- Also known as: Lightning Jo
- Genre: Comedy; Satire;
- Country of origin: Singapore
- Original language: Malay
- No. of seasons: 1
- No. of episodes: 13

Production
- Running time: 22 minutes
- Production company: UTV International;

Original release
- Network: Prime 12;
- Release: 30 January 1998 – December 1998

= Jo Kilat =

1998 Singaporean animated series

Jo Kilat (Lightning Jo in English) was a Singaporean animated series produced by UTV International for Singapore Television Twelve. The series aired on Prime 12 in 1998 and was the first such local animation. The series was about a group of multi-ethnic kids, representing the ethnic diversity of Singapore. The series consisted of thirteen episodes, starting with a one-off Ramadan special followed by a regular 12-episode season.
==Premise==
The series is about Jo, a 10-year old street-wise Singaporean Malay who is "as fast as lightning", which gave him the nickname Jo Kilat. His closest friends are of other key ethnic groups of Singapore: Sam, an Indian who is a heavy eater, Nick, a tall Chinese Singaporean and Rid, who represented the Singaporean teens of the time, who preferred to listen to music on his Walkman instead of worrying about the state of the Singaporean dollar. Older characters include Jo's parents and his grandfather Tok.
==Production==
Canadian-Indian company UTV International set up an office in Singapore in 1995 with the aim of producing offshore animation, marketing local characters and situations at an international scale. A pilot episode aired on Prime 12 on 30 January 1998 as a Ramadan special. In this episode, Jo and his friends search for a lost companion in Geylang Serai during Ramadan. The aim of the series was to showcase the popularity of local animation and storylines in a country keen on appreciating Western animated series such as The Simpsons. Producer Marhaini Kamarudin was confident that the characters in the series were set to become a hit among children and adults. Animation was done by a Mumbai team led by Indian animation expert Rem Mohan. Most of the animators at the time of production had never been to Singapore before. The pilot was repeated on 8 February. One such detail was that the policeman wore a white uniform, which in Singapore was blue.
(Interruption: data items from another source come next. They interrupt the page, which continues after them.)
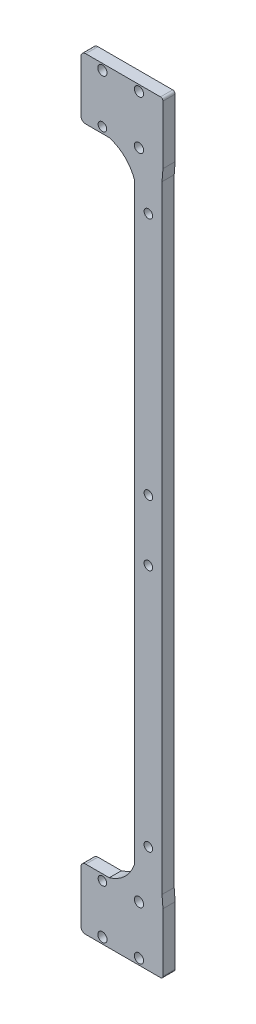
from build123d import *

# Parameters (mm, degrees)
SKETCH1_R           = 1.9
SKETCH1_R_2         = 1.75
BOSS_EXTRUDE1_DEPTH = 5


with BuildPart() as part:
    # Sketch1 → Boss-Extrude1 (new body)
    with BuildSketch(Plane.XY):
        with BuildLine():
            Line((22.7, -12.5), (33.7, -12.5))
            ThreePointArc((33.7, -12.5), (34.407106781, -12.207106781), (34.7, -11.5))
            Line((34.7, -11.5), (34.7, 12.5))
            add(Edge.make_bspline(
                [(34.3, 17.348309182), (34.529755129, 14.926573724), (34.7, 12.5)],
                knots=[0, 0, 0, 1, 1, 1], degree=2))
            Line((34.3, 17.348309182), (34.3, 270.651690818))
            add(Edge.make_bspline(
                [(34.3, 270.651690818), (34.529755129, 273.073426276), (34.7, 275.5)],
                knots=[0, 0, 0, 1, 1, 1], degree=2))
            Line((34.7, 275.5), (34.7, 299.5))
            ThreePointArc((34.7, 299.5), (34.407106781, 300.207106781), (33.7, 300.5))
            Line((33.7, 300.5), (22.7, 300.5))
            Line((22.7, 300.5), (3, 300.5))
            ThreePointArc((3, 300.5), (1.585786438, 299.914213562), (1, 298.5))
            Line((1, 298.5), (1, 277.5))
            ThreePointArc((1, 277.5), (1.585786438, 276.085786438), (3, 275.5))
            Line((3, 275.5), (12.676771392, 275.5))
            add(Edge.make_bspline(
                [(23.1, 265.447646174), (20.336020381, 273.078870877), (12.676771392, 275.5)],
                knots=[0, 0, 0, 1, 1, 1], degree=2))
            Line((23.1, 265.447646174), (23.1, 22.552353826))
            add(Edge.make_bspline(
                [(23.1, 22.552353826), (20.336020381, 14.921129123), (12.676771392, 12.5)],
                knots=[0, 0, 0, 1, 1, 1], degree=2))
            Line((12.676771392, 12.5), (3, 12.5))
            ThreePointArc((3, 12.5), (1.585786438, 11.914213562), (1, 10.5))
            Line((1, 10.5), (1, -10.5))
            ThreePointArc((1, -10.5), (1.585786438, -11.914213562), (3, -12.5))
            Line((3, -12.5), (22.7, -12.5))
        make_face()
        with Locations((9.85, -10)):
            Circle(SKETCH1_R, mode=Mode.SUBTRACT)
        with Locations((9.85, 10)):
            Circle(SKETCH1_R_2, mode=Mode.SUBTRACT)
        with Locations((24.85, 10)):
            Circle(SKETCH1_R, mode=Mode.SUBTRACT)
        with Locations((24.85, -10)):
            Circle(SKETCH1_R, mode=Mode.SUBTRACT)
        with Locations((28.7, 131.5)):
            Circle(SKETCH1_R_2, mode=Mode.SUBTRACT)
        with Locations((28.7, 156.5)):
            Circle(SKETCH1_R_2, mode=Mode.SUBTRACT)
        with Locations((28.7, 256.5)):
            Circle(SKETCH1_R_2, mode=Mode.SUBTRACT)
        with Locations((28.7, 31.5)):
            Circle(SKETCH1_R_2, mode=Mode.SUBTRACT)
        with Locations(Location((24.85, 298, 0), (0, 0, 180))):
            Circle(SKETCH1_R, mode=Mode.SUBTRACT)
        with Locations(Location((24.85, 278, 0), (0, 0, 180))):
            Circle(SKETCH1_R, mode=Mode.SUBTRACT)
        with Locations(Location((9.85, 278, 0), (0, 0, 180))):
            Circle(SKETCH1_R_2, mode=Mode.SUBTRACT)
        with Locations(Location((9.85, 298, 0), (0, 0, 180))):
            Circle(SKETCH1_R, mode=Mode.SUBTRACT)
    extrude(amount=BOSS_EXTRUDE1_DEPTH)


solid = part.part
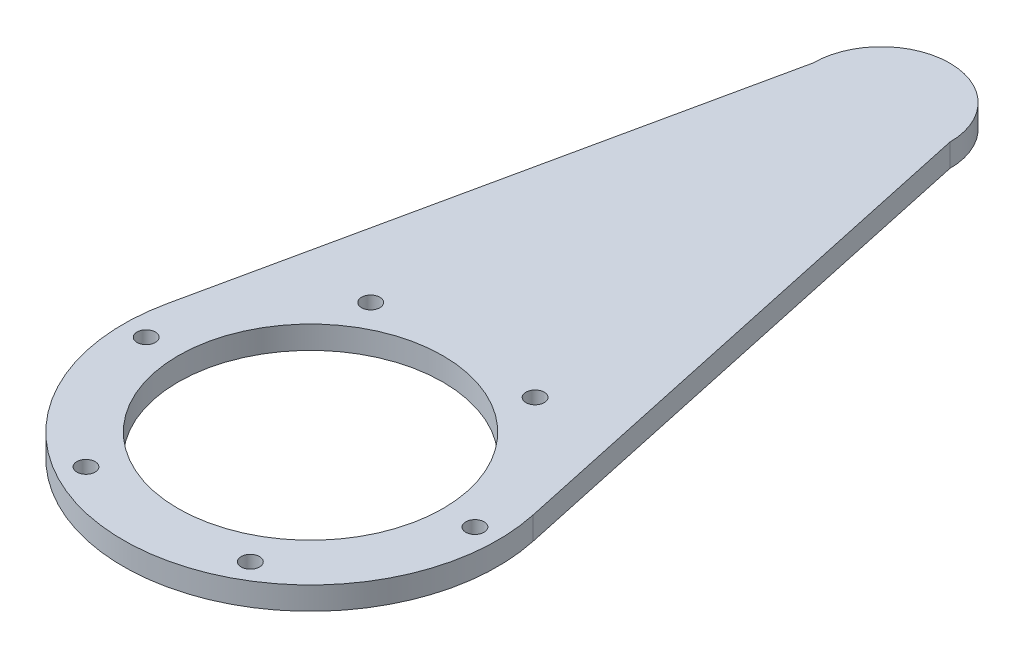
from build123d import *

# Parameters (mm, degrees)
SKETCH1_R           = 29
SKETCH1_R_2         = 2
BOSS_EXTRUDE1_DEPTH = 5


with BuildPart() as part:
    # Sketch1 → Boss-Extrude1 (new body)
    with BuildSketch(Plane(origin=(0, 0, 0), x_dir=(1, 0, 0), z_dir=(0, 1, 0))):
        with BuildLine():
            Line((-15, 125), (-40.079636882, 8.638443574))
            ThreePointArc((-40.079636882, 8.638443574), (0, -41), (40.079636882, 8.638443574))
            Line((40.079636882, 8.638443574), (15, 125))
            ThreePointArc((15, 125), (0, 140), (-15, 125))
        make_face()
        Circle(SKETCH1_R, mode=Mode.SUBTRACT)
        with Locations((36, 0)):
            Circle(SKETCH1_R_2, mode=Mode.SUBTRACT)
        with Locations((18, -31.176914536)):
            Circle(SKETCH1_R_2, mode=Mode.SUBTRACT)
        with Locations((-18, -31.176914536)):
            Circle(SKETCH1_R_2, mode=Mode.SUBTRACT)
        with Locations((-36, 0)):
            Circle(SKETCH1_R_2, mode=Mode.SUBTRACT)
        with Locations((-18, 31.176914536)):
            Circle(SKETCH1_R_2, mode=Mode.SUBTRACT)
        with Locations((18, 31.176914536)):
            Circle(SKETCH1_R_2, mode=Mode.SUBTRACT)
    extrude(amount=BOSS_EXTRUDE1_DEPTH)


solid = part.part

In February, it was announced that the series would start in April, while UTV pitched international sales for Malaysia and Indonesia, trying to attract the wider Malay population in the archipelago, estimated at the time of being 200 million. The Hari Raya special received praise from the SBA Programme Advisory Committee at the end of February, for its portrayal of life in Singapore.

The full series eventually premiered in September 1998. The first episode was broadcast on 20 September.

The series won an award in December 1998, becoming the most popular Malay-language kids show of 1998, surpassing two educational series on Prime 12, Matemajik and Ya Alif.

Following the retooling of Singapore Television Twelve's channels and the creation of the current Suria, the new channel aired reruns from 31 January 2000 to 15 April 2000.